Racial policies which promote academics based on race and not on performance is a key reason why people like Dr. Lee pack their bags and leave our local universities despite their best intentions on wanting to 'serve' our country. Another quote from Dr. Lee:

"It was obvious you wouldn't get very far if you weren't the right race," says Dr. Lee.
Today he works at the National University of Singapore, where he is in charge of a huge lab that is conducting cutting-edge research in stem-cell biology. Dr. Lee, an orthopedic surgeon, leads a team of top scientists culled from all over the world.

"Having come here I think I made the right choice," says Dr. Lee, referring to Singapore's premier teaching hospital. In Malaysia, "I probably would not have become a head of department and dean of the Faculty of Medicine."


I think many Malaysians with foreign PhDs who come back to Malaysia to work in our local varsities can live with the relatively low pay (by international and regional standards). What I think they (and I'm referring to the non-Malays here) cannot take is to see colleagues being promoted to professors and heads of departments based on racial considerations rather than on merit.
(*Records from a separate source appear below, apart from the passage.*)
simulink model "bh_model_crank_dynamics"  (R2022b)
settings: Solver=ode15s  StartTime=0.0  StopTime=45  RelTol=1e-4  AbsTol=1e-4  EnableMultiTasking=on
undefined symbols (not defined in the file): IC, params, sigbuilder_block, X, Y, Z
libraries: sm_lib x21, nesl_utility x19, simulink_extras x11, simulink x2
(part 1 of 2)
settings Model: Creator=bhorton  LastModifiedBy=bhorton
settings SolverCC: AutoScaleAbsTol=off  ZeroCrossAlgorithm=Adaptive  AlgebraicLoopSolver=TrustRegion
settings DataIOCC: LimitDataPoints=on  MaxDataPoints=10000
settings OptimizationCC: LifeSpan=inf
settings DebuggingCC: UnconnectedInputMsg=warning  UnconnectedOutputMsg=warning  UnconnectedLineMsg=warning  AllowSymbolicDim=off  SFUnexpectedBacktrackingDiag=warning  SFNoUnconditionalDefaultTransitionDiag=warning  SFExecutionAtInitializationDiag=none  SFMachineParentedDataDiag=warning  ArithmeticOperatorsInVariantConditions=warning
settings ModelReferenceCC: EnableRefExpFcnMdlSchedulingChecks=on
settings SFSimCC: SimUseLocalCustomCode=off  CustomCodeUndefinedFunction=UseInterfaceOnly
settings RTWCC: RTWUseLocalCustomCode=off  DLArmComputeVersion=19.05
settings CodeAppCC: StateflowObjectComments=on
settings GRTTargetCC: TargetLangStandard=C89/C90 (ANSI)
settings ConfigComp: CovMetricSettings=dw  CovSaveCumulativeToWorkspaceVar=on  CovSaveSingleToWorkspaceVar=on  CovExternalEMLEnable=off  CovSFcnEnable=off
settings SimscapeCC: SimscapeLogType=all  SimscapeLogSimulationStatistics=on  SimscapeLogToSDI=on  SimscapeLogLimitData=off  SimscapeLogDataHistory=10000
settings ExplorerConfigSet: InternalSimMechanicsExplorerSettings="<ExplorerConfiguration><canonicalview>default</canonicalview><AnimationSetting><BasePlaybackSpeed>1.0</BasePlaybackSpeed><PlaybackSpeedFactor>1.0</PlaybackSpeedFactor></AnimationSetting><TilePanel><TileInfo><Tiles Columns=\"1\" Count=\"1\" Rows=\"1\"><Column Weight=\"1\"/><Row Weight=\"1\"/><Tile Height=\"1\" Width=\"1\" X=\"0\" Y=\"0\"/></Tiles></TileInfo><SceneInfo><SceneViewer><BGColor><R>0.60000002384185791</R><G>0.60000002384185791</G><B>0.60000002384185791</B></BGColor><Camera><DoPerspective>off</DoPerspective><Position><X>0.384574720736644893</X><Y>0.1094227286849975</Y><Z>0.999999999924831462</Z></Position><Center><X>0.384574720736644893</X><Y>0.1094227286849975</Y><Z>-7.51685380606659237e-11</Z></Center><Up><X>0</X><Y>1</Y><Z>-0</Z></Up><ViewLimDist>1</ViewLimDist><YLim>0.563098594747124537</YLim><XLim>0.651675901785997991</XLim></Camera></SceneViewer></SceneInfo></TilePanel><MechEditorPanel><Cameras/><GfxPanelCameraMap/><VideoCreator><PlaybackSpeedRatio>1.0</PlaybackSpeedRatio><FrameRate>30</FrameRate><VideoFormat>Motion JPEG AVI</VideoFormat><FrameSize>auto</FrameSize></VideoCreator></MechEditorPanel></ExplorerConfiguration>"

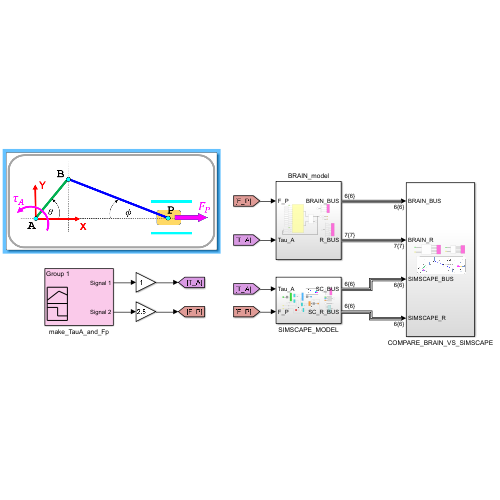
[thumbnail: Simulink's stored preview of the top-level diagram]
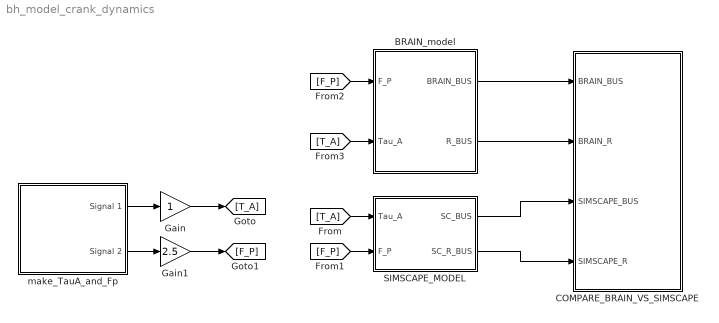
== system bh_model_crank_dynamics ==
  BRAIN_model : Subsystem
  COMPARE_BRAIN_VS_SIMSCAPE : Subsystem
  Gain : Gain
  Gain1 : Gain  Gain=2.5
  SIMSCAPE_MODEL : Subsystem
  make_TauA_and_Fp : Subsystem  Tag=STV Subsys  LoadFcn=sigbuilder_block('load');  StartFcn=sigbuilder_block('start');  StopFcn=sigbuilder_block('stop');  ClipboardFcn=sigbuilder_block('clipboard');  mask(Sigbuilder block){tuvar=[0:10]}
      mask help: Simulink:masks:SigbuilderBlock_MD
      mask init:
      | if ~strcmp(get_param(bdroot(gcbh),'SimulationStatus'),'stopped') tuvar = sigbuilder_block('maskInit'); end
      settings: CopyFcn=sigbuilder_block('copy');  DeleteFcn=sigbuilder_block('delete');  ModelCloseFcn=sigbuilder_block('modelClose');  PreSaveFcn=sigbuilder_block('preSave');  PauseFcn=sigbuilder_block('pause');  ContinueFcn=sigbuilder_block('continue');  NameChangeFcn=sigbuilder_block('namechange');  OpenFcn=sigbuilder_block('open',[883.5 110.25 550.5 258 ]);  CloseFcn=sigbuilder_block('close');
      mask Display: plot(0, 0, 100, 100,[2, 2, 32, 32, 2], [68, 8, 8, 68, 68],[32, 2], [38, 38], [32, 19, 2],[53, 60, 44], [32, 17, 17, 2],[16, 16, 31, 31]);txt = getActiveGroup(gcbh);text(2, 100, txt,'verticalAlignment', 'top');
  wires:
  make_TauA_and_Fp/1(Signal 1) -> Gain/1
  make_TauA_and_Fp/2(Signal 2) -> Gain1/1
  [T_A] -> SIMSCAPE_MODEL/1(Tau_A)
  [F_P] -> SIMSCAPE_MODEL/2(F_P)
  [F_P] -> BRAIN_model/1(F_P)
  [T_A] -> BRAIN_model/2(Tau_A)
  BRAIN_model/2(R_BUS) -> COMPARE_BRAIN_VS_SIMSCAPE/2(BRAIN_R)
  Gain/1 -> [T_A]
  Gain1/1 -> [F_P]
  BRAIN_model/1(BRAIN_BUS) -> COMPARE_BRAIN_VS_SIMSCAPE/1(BRAIN_BUS)
  SIMSCAPE_MODEL/1(SC_BUS) -> COMPARE_BRAIN_VS_SIMSCAPE/3(SIMSCAPE_BUS)
  SIMSCAPE_MODEL/2(SC_R_BUS) -> COMPARE_BRAIN_VS_SIMSCAPE/4(SIMSCAPE_R)

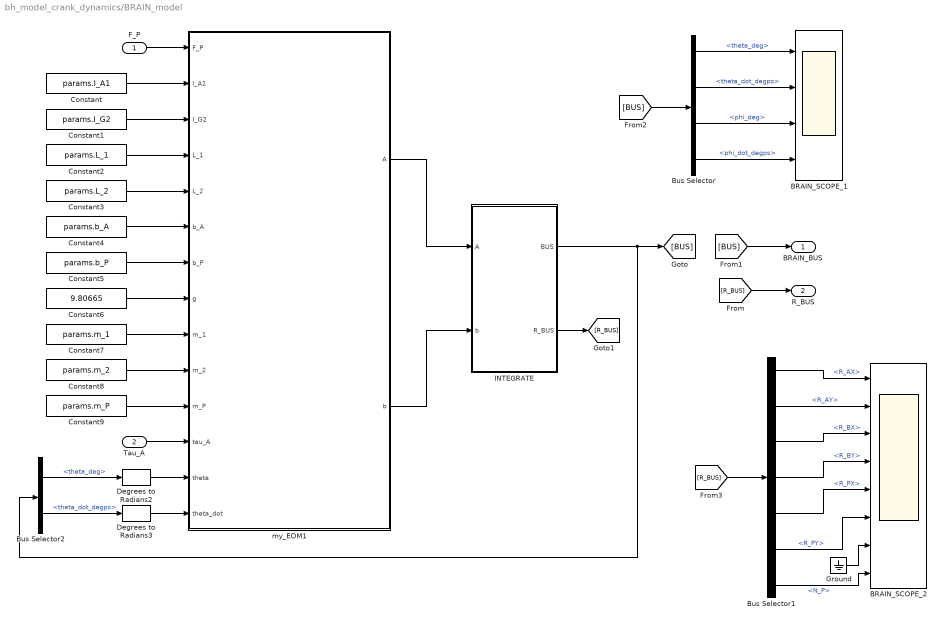
== system bh_model_crank_dynamics/BRAIN_model ==
  F_P : Inport
  Tau_A : Inport  Port=2
  BRAIN_SCOPE_1 : Scope  NumInputPorts=4
  BRAIN_SCOPE_2 : Scope  NumInputPorts=8
  Bus Selector : BusSelector  OutputSignals=theta_deg,theta_dot_degps,phi_deg,phi_dot_degps
  Bus Selector1 : BusSelector  OutputSignals=R_AX,R_AY,R_BX,R_BY,R_PX,R_PY,N_P
  Bus Selector2 : BusSelector  OutputSignals=theta_deg,theta_dot_degps
  Constant : Constant  Value=params.I_A1
  Constant1 : Constant  Value=params.I_G2
  Constant2 : Constant  Value=params.L_1
  Constant3 : Constant  Value=params.L_2
  Constant4 : Constant  Value=params.b_A
  Constant5 : Constant  Value=params.b_P
  Constant6 : Constant  Value=9.80665
  Constant7 : Constant  Value=params.m_1
  Constant8 : Constant  Value=params.m_2
  Constant9 : Constant  Value=params.m_P
  Degrees to Radians2 : simulink_extras/Transformations/Degrees to Radians
  Degrees to Radians3 : simulink_extras/Transformations/Degrees to Radians
  Ground : Ground
  INTEGRATE : Subsystem
  my_EOM1 : MATLAB Function  TreatAsAtomicUnit=on
  BRAIN_BUS : Outport
  R_BUS : Outport  Port=2
  wires:
  Bus Selector/2 -> BRAIN_SCOPE_1/2  "<theta_dot_degps>"
  Bus Selector/1 -> BRAIN_SCOPE_1/1  "<theta_deg>"
  Bus Selector/4 -> BRAIN_SCOPE_1/4  "<phi_dot_degps>"
  Bus Selector/3 -> BRAIN_SCOPE_1/3  "<phi_deg>"
  Bus Selector2/1 -> Degrees to Radians2/1  "<theta_deg>"
  Bus Selector2/2 -> Degrees to Radians3/1  "<theta_dot_degps>"
  F_P/1 -> my_EOM1/1(F_P)
  Constant/1 -> my_EOM1/2(I_A1)
  Constant1/1 -> my_EOM1/3(I_G2)
  Constant2/1 -> my_EOM1/4(L_1)
  Constant3/1 -> my_EOM1/5(L_2)
  Constant4/1 -> my_EOM1/6(b_A)
  Constant5/1 -> my_EOM1/7(b_P)
  Constant9/1 -> my_EOM1/11(m_P)
  Constant8/1 -> my_EOM1/10(m_2)
  Constant7/1 -> my_EOM1/9(m_1)
  Constant6/1 -> my_EOM1/8(g)
  Tau_A/1 -> my_EOM1/12(tau_A)
  Degrees to Radians2/1 -> my_EOM1/13(theta)
  Degrees to Radians3/1 -> my_EOM1/14(theta_dot)
  my_EOM1/1(A) -> INTEGRATE/1(A)
  my_EOM1/2(b) -> INTEGRATE/2(b)
  [BUS] -> Bus Selector/1
  [BUS] -> BRAIN_BUS/1
  [R_BUS] -> Bus Selector1/1
  Bus Selector1/1 -> BRAIN_SCOPE_2/1  "<R_AX>"
  Bus Selector1/2 -> BRAIN_SCOPE_2/2  "<R_AY>"
  Bus Selector1/3 -> BRAIN_SCOPE_2/3  "<R_BX>"
  Bus Selector1/4 -> BRAIN_SCOPE_2/4  "<R_BY>"
  Bus Selector1/5 -> BRAIN_SCOPE_2/5  "<R_PX>"
  Bus Selector1/6 -> BRAIN_SCOPE_2/6  "<R_PY>"
  Bus Selector1/7 -> BRAIN_SCOPE_2/8  "<N_P>"
  [R_BUS] -> R_BUS/1
  Ground/1 -> BRAIN_SCOPE_2/7
  INTEGRATE/1(BUS) -> Bus Selector2/1, [BUS]
  INTEGRATE/2(R_BUS) -> [R_BUS]

== system bh_model_crank_dynamics/COMPARE_BRAIN_VS_SIMSCAPE ==
  BRAIN_BUS : Inport
  BRAIN_R : Inport  Port=2
  SIMSCAPE_BUS : Inport  Port=3
  SIMSCAPE_R : Inport  Port=4
  SCOPE_POS_VEL_COMPARE : Scope  NumInputPorts=6
  SCOPE_REACTION_FORCES_COMPARE : Scope  NumInputPorts=6
  Subsystem : Subsystem
  Subsystem1 : Subsystem
  wires:
  BRAIN_BUS/1 -> Subsystem/1(BRAIN_BUS)
  SIMSCAPE_BUS/1 -> Subsystem/2(SIMSCAPE_BUS)
  Subsystem/1(theta_deg) -> SCOPE_POS_VEL_COMPARE/1
  Subsystem/2(theta_dot_degps) -> SCOPE_POS_VEL_COMPARE/2
  Subsystem/3(phi_deg) -> SCOPE_POS_VEL_COMPARE/3
  Subsystem/4(phi_dot_degps) -> SCOPE_POS_VEL_COMPARE/4
  Subsystem/5(P_pos) -> SCOPE_POS_VEL_COMPARE/5
  Subsystem/6(P_vel) -> SCOPE_POS_VEL_COMPARE/6
  Subsystem1/3(R_BX) -> SCOPE_REACTION_FORCES_COMPARE/3
  Subsystem1/4(R_BY) -> SCOPE_REACTION_FORCES_COMPARE/4
  Subsystem1/6(R_PY) -> SCOPE_REACTION_FORCES_COMPARE/6
  Subsystem1/2(R_AY) -> SCOPE_REACTION_FORCES_COMPARE/2
  Subsystem1/5(R_PX) -> SCOPE_REACTION_FORCES_COMPARE/5
  Subsystem1/1(R_AX) -> SCOPE_REACTION_FORCES_COMPARE/1
  BRAIN_R/1 -> Subsystem1/1(BRAIN_R)
  SIMSCAPE_R/1 -> Subsystem1/2(SIMSCAPE_R)

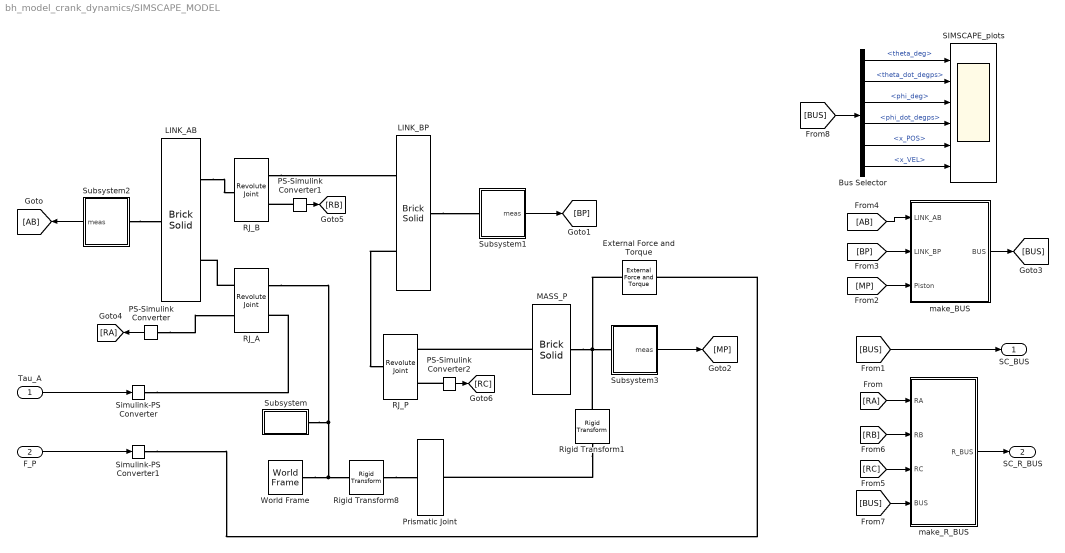
== system bh_model_crank_dynamics/SIMSCAPE_MODEL ==
  Tau_A : Inport
  F_P : Inport  Port=2
  Bus Selector : BusSelector  OutputSignals=theta_deg,theta_dot_degps,phi_deg,phi_dot_degps,x_POS,x_VEL
  External Force and Torque : sm_lib/Forces and Torques/External Force and Torque  ForceResolutionFrame=World  EnableForceX=on  EnableForceY=off  EnableForceZ=off  EnableForce=off  TorqueResolutionFrame=AttachedFrame  EnableTorqueX=off  EnableTorqueY=off  EnableTorqueZ=off  EnableTorque=off
  LINK_AB : sm_lib/Body Elements/Brick Solid  GraphicAmbientColor=[0.15 0.15 0.15 1.0]  BasedOnType=Density  BrickDimensions=params.L1_dims  BrickDimensionUnits=m  CenterOfMass=[0 0 0]  CenterOfMassUnits=m  GraphicDiffuseColor=[0.0 1.0 0.2]  Density=params.density  DensityUnits=kg/m^3  DoExposeReferenceFrame=on  GraphicEmissiveColor=[0.0 0.0 0.0 1.0]  ExportEntireGeometry=off  SerializedFrames=<Frames><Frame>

There is a strong emphasis within the US academia to recruit minorities (though this policy differs from school to school). There is a perception that the minorities (ethnic and gender) that are hired may not have fulfilled the same kind of rigorous academic standards that a non-minority would have had to go through. I think most US universities would be appalled by the situation in Malaysia where the better qualified minorities are forced out of the system to benefit the less qualified majority.

I'm not saying that all non-Malays are better qualified than the Malays in our local varsities. But what I am saying is that if we had a system that promoted based stricted on merit, cases such as Dr. Lee's would be a rarity. And we would definitely have more heads of departments who are non-Malay. There's also another relatively easy way to test this. We can look at non-Malay scholars who have left the local varsities and chart their achievements in the places they've gone to. It is hard to imagine that someone like Prof Wang Gangwu would have been given the same kind of recognition and opportunities as he did in Hong Kong and Singapore had he stayed within the local varsities.

Our dear friend, the UM VC, can put up all the posters that he wants. But one article like this in a widely read magazine like the Chronicle of Higher Education is enough to convince most US academics that our local universities are of poor quality. And our loss is our neighbor's gain. At the same time as our local universities are shown in a poor light, NUS wins praise (as well as our best brains).

If one were to do a study of the extent of the brain drain from Malaysia to Singapore (forget about the US, UK and Australia for now), it wouldn't be surprising to find that flow has been enormous, however one chooses to quantify it. I personally know two Malaysian PhD students currently in Duke who graduated from NUS and will probably end up going back to NUS after they finish their PhDs. They are not the first nor will they be the last.

Dr. Shafie, you don't have to look far to recruit more lecturers with PhDs. Just take a drive over the Causeway. Finding them is easy. Whether you can be succesful in recruiting these highly qualified Malaysians to come back home to teach is another question.